Nothing exists. Nothing but noise and light and something hard I have clutched in one hand. Then even the thunder is gone. There is nothing. Shadows close on all sides of me. Silence echoes in my ears. Something itches beneath my cheek. My breath is hot against my lips.

Somewhere, as though from a distance, I hear a muffled groan. My stomach churns and every muscle in my body aches. I roll over on my back with a moan, staring upwards at the blur of red and orange flickering in and out of focus.

A torch?

Braceaon! Daraton!

I draw a quick breath, shoving myself into a sitting position. My head spins, the shadowy scene swimming before my eyes. I gasp as I plant both hands on the floor to keep myself from falling. How had the others come through the portal so effortlessly? Because I am not about to go through it again.

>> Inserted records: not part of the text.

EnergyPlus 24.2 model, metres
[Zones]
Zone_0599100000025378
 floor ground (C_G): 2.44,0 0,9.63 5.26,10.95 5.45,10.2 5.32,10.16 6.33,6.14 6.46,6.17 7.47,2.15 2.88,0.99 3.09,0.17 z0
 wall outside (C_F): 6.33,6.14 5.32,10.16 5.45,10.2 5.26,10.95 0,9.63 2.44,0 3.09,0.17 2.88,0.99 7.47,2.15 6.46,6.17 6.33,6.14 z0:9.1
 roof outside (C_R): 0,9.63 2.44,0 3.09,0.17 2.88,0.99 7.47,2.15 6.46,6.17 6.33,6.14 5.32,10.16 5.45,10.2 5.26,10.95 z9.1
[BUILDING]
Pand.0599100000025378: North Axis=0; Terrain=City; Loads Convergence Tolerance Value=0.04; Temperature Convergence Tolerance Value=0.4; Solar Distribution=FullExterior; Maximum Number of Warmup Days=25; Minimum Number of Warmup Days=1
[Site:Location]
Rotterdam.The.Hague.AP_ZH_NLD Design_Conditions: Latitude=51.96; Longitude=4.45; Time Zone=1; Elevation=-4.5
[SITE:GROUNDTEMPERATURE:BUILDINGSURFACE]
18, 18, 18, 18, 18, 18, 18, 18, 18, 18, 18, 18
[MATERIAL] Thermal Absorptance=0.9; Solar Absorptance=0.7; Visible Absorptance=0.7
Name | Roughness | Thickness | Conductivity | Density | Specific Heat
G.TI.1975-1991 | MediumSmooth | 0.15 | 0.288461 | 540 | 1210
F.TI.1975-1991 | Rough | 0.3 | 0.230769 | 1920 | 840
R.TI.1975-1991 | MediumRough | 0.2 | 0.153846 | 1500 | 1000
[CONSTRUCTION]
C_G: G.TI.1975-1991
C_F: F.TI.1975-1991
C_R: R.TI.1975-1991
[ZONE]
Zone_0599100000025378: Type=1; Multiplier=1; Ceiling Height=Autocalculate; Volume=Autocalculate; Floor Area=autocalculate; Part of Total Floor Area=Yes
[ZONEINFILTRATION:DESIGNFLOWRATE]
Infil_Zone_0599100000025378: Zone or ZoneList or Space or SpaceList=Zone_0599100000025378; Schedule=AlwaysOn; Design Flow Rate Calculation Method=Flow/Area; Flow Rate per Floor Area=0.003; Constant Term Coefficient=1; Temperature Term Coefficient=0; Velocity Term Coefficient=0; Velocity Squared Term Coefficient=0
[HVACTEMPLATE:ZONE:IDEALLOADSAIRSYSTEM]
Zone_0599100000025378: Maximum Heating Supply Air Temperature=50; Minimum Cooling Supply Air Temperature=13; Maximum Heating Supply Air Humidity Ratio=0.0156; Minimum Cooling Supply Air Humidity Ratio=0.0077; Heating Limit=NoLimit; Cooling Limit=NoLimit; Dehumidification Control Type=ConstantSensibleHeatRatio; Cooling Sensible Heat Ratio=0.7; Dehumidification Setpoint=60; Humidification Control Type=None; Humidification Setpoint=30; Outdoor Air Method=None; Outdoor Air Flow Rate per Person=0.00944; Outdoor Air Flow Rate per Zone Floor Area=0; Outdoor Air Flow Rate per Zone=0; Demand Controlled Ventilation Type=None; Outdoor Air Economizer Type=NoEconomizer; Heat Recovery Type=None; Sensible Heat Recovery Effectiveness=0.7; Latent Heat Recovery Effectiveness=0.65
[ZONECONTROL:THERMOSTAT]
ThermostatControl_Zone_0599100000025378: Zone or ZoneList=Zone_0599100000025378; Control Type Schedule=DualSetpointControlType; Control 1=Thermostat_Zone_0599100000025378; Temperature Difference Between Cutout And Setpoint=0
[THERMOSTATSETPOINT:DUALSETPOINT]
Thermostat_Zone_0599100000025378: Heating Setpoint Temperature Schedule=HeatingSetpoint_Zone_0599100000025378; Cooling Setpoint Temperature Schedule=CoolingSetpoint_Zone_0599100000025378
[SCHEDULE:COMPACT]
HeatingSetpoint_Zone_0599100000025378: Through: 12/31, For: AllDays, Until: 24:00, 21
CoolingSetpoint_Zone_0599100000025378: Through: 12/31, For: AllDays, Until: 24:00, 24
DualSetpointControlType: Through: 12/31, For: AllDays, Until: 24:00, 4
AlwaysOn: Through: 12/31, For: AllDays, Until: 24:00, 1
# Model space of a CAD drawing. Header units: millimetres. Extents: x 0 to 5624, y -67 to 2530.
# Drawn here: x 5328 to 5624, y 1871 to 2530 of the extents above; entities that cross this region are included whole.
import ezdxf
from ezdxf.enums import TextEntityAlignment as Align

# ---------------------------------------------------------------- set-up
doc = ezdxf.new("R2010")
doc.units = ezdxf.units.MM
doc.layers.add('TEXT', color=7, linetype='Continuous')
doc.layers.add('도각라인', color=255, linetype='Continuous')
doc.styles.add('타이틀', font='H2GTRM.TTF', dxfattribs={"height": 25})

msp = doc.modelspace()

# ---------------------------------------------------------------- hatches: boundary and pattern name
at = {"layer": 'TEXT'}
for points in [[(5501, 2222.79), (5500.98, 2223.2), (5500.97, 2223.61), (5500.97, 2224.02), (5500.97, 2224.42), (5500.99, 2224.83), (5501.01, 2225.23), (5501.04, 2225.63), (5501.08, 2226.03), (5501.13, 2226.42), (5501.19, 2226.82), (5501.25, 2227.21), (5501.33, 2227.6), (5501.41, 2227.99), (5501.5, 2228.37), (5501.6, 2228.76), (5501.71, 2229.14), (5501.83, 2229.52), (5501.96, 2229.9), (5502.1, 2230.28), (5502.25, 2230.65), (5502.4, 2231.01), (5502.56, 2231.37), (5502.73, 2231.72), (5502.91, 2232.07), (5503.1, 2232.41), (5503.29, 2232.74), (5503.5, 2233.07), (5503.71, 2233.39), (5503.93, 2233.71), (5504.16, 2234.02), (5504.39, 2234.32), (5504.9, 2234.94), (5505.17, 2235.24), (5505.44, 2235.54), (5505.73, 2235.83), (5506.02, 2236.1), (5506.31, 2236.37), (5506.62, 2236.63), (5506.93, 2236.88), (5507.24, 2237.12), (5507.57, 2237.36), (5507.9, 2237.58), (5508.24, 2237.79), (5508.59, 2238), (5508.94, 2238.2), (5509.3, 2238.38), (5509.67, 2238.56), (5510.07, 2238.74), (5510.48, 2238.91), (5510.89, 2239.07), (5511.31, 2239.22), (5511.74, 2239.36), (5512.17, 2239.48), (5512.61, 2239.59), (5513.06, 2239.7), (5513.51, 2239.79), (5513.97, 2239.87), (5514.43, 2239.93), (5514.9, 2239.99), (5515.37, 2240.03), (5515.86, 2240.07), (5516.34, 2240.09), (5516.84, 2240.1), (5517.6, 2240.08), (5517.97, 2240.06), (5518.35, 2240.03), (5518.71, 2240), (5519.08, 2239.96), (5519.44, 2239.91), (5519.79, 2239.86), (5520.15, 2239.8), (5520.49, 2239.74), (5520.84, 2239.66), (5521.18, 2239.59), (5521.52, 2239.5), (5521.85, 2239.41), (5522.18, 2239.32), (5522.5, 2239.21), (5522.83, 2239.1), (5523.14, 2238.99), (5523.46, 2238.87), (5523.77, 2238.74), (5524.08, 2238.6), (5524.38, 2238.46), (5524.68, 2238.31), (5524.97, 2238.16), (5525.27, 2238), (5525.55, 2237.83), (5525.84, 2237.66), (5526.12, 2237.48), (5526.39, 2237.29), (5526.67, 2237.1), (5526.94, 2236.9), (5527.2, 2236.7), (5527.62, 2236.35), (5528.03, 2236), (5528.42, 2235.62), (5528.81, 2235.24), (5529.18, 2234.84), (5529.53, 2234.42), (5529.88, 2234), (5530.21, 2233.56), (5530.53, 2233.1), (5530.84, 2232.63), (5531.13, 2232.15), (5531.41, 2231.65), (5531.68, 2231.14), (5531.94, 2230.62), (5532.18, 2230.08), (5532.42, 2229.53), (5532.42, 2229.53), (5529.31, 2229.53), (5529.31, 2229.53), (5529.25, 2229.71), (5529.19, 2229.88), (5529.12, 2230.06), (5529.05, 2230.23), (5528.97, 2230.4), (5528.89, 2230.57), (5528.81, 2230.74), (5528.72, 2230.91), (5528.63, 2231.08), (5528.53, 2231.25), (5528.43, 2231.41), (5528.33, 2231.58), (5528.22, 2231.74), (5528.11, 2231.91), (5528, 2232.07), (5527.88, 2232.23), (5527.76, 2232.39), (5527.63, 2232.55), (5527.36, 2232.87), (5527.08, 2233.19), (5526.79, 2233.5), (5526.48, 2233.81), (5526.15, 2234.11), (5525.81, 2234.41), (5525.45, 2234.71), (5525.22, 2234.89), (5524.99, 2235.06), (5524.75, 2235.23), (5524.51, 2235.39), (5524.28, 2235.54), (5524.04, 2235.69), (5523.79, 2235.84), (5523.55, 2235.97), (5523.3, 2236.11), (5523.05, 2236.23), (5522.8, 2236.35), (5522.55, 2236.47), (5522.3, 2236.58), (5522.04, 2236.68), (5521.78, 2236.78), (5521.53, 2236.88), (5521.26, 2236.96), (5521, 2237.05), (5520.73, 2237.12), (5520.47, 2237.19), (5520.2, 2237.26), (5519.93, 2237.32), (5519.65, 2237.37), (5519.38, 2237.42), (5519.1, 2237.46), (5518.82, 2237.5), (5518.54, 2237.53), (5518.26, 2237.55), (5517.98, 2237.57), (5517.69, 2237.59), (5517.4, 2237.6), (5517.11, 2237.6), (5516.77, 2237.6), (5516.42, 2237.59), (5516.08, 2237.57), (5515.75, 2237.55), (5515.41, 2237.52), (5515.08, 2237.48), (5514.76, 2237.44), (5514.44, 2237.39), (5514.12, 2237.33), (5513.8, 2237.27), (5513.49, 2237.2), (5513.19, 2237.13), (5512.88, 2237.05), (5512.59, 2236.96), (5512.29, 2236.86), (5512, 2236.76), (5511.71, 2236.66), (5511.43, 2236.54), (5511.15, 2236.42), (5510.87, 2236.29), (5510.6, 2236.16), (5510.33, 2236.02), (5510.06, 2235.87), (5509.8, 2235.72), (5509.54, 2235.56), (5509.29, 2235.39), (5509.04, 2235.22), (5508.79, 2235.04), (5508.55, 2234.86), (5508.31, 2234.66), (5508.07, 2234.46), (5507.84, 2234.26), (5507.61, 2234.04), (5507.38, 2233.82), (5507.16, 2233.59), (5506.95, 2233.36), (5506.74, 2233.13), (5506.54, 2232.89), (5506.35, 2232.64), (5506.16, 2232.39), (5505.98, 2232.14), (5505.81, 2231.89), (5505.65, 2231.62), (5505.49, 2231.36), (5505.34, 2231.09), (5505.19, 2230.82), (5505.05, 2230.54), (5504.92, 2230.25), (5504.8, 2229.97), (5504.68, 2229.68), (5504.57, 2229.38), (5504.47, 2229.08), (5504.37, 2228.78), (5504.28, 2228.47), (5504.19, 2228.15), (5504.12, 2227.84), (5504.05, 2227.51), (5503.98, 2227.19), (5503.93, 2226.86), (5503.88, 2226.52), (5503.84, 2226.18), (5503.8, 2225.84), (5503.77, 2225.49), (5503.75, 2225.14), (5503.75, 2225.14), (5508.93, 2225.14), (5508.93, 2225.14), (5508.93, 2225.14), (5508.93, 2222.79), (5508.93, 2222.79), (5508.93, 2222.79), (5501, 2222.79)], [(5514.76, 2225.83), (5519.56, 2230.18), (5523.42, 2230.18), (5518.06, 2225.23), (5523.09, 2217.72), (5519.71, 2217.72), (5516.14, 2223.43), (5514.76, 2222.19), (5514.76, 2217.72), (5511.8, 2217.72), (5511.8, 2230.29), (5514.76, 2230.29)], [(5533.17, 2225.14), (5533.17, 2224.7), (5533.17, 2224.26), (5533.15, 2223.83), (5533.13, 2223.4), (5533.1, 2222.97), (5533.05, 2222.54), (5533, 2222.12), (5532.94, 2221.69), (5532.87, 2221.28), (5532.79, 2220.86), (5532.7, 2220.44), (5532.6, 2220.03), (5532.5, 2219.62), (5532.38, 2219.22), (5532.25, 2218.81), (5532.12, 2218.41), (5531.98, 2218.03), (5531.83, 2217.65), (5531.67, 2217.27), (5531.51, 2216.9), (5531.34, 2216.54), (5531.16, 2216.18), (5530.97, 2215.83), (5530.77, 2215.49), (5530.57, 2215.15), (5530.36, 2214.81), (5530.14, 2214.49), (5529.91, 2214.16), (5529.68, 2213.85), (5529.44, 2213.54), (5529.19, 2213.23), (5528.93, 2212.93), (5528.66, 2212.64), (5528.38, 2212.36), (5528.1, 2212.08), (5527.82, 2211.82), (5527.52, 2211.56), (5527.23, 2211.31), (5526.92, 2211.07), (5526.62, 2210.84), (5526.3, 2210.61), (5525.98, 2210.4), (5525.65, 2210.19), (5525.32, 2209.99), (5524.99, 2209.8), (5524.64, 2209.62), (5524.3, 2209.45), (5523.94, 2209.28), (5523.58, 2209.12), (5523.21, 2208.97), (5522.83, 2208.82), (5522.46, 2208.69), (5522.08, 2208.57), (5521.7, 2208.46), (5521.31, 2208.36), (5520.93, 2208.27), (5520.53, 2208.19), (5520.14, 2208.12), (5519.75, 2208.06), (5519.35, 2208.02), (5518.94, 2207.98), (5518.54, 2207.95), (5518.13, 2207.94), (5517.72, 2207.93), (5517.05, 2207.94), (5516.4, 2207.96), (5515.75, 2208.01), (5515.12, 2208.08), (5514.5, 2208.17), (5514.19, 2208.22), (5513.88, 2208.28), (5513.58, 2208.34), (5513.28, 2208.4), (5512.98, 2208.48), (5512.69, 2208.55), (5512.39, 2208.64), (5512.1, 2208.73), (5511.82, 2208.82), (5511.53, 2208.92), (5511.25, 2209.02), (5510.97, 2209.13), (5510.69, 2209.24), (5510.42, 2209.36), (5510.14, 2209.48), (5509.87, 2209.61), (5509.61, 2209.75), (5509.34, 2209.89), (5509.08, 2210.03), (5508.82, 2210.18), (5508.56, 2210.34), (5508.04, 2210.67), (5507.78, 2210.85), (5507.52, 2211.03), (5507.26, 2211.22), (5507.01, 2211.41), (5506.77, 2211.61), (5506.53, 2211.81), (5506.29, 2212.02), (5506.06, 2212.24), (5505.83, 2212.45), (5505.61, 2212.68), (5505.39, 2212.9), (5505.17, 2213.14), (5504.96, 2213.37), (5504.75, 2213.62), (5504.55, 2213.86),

Not even to get back home.

Besides that, of course… I blink away the gloom, but there is no sign of a portal. Just a ring of charred earth and glowing embers on the straw of what must be the stall of a stable. Something shifted in the shadows beyond the glowing ring and I stagger to my feet, then stumble forward.

“Daraton!” I drop to my knees beside him. His fingers curl around my wrist.

“What… have  you… done?”

“Saved your life, for starters. Again.” I scowl, my gaze skimming his pale drawn face and clenched jaw. His sword still hangs from his hand, but that is the least of my worries, whatever the suppressed rage surging behind his eyes.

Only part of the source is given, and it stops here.